The TorchScript entry point forward_tensors_z only exists on ALIGNNAtomWisePure. If your training config used name: alignn_atomwise (the DGL-backed variant), export_torchscript.py will still run by loading the DGL weights into Pure — but the two models are not numerically identical on the same weights (currently a ~10% energy difference due to line-graph construction differences).

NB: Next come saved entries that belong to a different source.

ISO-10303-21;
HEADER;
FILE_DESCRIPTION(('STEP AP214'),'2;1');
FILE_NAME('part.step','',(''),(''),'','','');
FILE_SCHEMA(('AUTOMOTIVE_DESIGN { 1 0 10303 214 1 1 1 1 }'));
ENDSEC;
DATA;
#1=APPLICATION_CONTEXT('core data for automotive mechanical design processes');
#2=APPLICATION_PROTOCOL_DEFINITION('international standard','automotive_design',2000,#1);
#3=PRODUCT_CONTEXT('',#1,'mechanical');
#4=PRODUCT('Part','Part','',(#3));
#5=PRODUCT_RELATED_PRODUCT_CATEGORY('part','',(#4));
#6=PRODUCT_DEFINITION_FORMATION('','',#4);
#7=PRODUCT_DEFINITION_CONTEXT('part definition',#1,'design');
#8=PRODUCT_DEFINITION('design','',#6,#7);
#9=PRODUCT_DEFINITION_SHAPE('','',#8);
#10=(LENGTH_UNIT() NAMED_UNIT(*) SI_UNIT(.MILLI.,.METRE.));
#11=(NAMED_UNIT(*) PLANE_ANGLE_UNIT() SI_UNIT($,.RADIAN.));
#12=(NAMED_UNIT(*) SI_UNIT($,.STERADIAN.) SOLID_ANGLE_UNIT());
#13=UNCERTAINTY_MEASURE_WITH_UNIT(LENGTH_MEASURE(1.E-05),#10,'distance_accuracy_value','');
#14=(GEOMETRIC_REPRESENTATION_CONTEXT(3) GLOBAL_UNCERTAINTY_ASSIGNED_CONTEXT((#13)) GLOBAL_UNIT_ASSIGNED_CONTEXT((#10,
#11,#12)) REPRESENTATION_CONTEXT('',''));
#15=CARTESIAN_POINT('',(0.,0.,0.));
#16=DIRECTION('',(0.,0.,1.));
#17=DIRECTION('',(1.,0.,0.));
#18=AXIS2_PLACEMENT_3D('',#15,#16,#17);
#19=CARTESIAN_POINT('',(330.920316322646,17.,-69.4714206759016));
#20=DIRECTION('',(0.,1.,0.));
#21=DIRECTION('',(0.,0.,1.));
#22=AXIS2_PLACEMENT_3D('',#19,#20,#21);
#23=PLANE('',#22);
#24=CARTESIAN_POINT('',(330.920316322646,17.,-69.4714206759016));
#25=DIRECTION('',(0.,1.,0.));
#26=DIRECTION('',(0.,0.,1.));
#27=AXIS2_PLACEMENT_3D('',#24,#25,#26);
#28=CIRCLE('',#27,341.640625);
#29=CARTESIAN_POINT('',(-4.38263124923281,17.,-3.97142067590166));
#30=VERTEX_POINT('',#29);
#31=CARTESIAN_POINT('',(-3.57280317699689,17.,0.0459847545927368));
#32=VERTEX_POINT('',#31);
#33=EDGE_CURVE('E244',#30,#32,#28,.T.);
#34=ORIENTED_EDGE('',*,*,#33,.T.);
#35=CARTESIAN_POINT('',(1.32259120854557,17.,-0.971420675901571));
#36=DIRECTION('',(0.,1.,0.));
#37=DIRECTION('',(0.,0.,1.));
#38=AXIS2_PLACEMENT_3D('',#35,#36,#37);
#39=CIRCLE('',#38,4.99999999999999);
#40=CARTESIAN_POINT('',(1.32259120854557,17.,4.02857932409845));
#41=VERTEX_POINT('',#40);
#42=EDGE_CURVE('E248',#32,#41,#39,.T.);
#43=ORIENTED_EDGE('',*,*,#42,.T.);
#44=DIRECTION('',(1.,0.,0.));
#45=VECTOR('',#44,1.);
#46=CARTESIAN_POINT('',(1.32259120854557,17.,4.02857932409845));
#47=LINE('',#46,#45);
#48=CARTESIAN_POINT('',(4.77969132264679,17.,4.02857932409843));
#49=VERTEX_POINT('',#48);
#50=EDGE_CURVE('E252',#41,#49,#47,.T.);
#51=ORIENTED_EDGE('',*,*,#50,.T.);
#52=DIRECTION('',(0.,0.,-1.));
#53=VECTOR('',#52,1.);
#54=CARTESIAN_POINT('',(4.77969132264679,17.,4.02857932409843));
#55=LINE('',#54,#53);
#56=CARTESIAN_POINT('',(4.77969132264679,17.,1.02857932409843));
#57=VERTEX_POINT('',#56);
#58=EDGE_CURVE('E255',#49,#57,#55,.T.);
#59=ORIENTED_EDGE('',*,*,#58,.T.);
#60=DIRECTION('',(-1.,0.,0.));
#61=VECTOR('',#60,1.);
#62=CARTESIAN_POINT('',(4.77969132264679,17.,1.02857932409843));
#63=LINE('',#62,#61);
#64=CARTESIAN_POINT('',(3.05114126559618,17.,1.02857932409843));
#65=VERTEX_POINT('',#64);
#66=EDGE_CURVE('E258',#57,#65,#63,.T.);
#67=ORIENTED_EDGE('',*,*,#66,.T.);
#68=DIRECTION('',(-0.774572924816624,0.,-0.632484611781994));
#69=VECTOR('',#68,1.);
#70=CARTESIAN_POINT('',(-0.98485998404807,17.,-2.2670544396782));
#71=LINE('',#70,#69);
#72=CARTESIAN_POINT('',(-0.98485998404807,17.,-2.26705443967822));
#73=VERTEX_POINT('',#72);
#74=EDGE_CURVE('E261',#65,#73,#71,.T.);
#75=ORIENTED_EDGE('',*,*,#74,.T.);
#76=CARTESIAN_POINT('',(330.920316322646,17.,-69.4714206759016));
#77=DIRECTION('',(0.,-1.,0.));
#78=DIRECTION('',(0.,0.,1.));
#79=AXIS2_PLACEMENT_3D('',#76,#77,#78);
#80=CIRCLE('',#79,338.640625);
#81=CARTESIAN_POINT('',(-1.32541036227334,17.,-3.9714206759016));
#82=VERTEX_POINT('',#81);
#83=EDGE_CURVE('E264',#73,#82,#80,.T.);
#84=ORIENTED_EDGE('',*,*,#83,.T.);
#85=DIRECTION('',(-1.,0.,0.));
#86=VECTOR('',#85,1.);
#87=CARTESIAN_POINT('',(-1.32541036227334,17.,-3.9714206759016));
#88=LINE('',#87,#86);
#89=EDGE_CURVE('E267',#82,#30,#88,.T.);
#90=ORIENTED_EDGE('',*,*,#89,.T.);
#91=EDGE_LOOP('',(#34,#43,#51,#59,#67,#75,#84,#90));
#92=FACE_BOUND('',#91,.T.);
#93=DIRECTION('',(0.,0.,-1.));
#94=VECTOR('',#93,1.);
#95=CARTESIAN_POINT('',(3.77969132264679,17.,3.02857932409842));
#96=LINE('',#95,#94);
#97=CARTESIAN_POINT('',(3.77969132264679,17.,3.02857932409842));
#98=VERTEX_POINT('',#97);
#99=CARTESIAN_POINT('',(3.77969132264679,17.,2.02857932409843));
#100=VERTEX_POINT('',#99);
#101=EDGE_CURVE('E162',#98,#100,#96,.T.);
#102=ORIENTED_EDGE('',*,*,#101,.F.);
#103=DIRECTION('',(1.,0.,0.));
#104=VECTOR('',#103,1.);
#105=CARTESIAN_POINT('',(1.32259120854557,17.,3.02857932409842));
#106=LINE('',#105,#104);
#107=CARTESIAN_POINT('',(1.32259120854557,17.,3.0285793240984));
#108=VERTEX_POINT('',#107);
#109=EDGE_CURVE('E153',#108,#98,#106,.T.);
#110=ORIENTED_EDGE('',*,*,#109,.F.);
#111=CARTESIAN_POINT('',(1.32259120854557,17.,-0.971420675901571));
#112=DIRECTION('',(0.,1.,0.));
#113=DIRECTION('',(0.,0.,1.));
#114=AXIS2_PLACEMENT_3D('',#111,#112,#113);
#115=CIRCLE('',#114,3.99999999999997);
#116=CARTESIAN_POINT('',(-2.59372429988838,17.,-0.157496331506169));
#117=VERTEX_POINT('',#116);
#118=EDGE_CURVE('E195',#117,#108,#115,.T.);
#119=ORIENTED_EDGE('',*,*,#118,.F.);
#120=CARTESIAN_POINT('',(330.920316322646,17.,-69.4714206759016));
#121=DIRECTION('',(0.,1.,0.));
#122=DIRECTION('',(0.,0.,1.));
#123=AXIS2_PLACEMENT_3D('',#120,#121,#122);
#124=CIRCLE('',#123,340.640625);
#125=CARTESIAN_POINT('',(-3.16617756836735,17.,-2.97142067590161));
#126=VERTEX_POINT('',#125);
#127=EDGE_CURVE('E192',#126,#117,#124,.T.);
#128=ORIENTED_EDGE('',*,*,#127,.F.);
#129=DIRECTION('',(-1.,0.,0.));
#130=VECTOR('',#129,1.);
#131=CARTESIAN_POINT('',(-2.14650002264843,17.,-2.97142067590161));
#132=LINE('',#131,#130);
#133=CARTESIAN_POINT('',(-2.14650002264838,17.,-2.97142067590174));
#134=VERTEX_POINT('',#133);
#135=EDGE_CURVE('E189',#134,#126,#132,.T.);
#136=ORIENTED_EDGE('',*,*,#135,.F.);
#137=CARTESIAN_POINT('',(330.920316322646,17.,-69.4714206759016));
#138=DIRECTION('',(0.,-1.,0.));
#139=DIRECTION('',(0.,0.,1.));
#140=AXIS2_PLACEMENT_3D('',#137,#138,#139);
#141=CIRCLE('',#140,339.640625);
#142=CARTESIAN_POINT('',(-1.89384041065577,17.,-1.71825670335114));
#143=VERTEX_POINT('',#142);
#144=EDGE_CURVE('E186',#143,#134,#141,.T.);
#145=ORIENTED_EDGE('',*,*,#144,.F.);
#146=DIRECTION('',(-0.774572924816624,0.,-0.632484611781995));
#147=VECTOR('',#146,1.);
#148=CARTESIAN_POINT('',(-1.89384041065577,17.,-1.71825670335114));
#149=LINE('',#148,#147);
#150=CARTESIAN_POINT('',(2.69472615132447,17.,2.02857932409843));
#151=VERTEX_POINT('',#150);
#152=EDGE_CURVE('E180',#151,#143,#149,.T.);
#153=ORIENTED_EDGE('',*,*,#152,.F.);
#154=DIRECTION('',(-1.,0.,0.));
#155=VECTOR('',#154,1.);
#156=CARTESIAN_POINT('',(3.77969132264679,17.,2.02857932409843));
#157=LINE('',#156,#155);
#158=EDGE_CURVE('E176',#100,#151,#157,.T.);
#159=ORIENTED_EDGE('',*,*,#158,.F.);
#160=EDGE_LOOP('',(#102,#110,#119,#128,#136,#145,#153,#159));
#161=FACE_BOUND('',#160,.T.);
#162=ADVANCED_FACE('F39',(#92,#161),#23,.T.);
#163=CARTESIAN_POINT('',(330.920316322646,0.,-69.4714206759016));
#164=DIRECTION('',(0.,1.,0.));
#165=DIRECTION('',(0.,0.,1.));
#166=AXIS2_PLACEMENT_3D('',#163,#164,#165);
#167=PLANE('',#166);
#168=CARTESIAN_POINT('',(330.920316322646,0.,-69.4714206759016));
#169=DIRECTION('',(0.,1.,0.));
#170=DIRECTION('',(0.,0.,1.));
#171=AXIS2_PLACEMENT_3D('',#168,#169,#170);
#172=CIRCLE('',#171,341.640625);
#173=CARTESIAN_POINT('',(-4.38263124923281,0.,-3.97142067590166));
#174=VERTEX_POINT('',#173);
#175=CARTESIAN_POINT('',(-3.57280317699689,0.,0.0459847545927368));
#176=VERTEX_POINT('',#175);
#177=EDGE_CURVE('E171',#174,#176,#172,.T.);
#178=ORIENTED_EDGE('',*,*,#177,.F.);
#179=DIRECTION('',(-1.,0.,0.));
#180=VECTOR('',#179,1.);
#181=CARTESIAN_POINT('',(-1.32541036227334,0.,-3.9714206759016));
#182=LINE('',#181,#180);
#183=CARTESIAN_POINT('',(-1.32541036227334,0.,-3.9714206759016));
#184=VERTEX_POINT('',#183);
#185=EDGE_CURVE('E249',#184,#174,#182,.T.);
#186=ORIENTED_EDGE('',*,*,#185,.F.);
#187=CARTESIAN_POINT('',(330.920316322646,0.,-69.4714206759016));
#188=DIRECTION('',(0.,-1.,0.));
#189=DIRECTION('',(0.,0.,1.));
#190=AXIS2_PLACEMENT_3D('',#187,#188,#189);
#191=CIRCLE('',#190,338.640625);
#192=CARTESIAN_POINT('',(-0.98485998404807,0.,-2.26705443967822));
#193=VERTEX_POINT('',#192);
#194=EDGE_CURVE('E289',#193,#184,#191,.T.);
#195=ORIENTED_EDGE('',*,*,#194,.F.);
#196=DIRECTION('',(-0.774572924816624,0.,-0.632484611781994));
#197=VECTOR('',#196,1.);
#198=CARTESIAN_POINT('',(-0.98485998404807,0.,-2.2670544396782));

Clean fix: retrain with name: alignn_atomwise_pure in your training config. All other hyperparameters can stay the same.

Stress not learned

If your training data didn't include stresses (or stresswise_weight: 0.0), pair_alignn still returns virial numbers, but they're noise. Don't use NPT / fix npt.

Single MPI rank

Current pair_alignn silently drops cross-rank ghost contributions. Run with mpirun -n 1 only. For larger systems, increase parallelism via threads (OMP_NUM_THREADS) until multi-rank ghost handling lands.

What to try next¶

Transport: replace NVT with NVE in stage 5, compute diffusion coefficient from the mean-squared-displacement (LAMMPS compute msd).
Cool more slowly: extend stage 4 to 40 ps and compare the RDF — you should see sharper peaks and a clearer second-neighbor split.
Longer correlation: rerun with mode vector 10 (average over 10 snapshots per write) for smoother RDFs.
Different material: retrain on another element / alloy, re-export, swap Si in pair_coeff for the target species.

Files produced by this tutorial¶

MELT/
├── alignn_ff.pt           # exported TorchScript model
├── si.data                # LAMMPS input structure
├── si_melt_quench.in      # LAMMPS input script
├── si.lammpstrj           # trajectory (custom dump)
├── si_rdf.dat             # RDF samples (fix ave/time)
├── si_quenched.data       # final structure
├── plot_rdf.py            # RDF plotter
└── si_rdf.html            # interactive RDF plot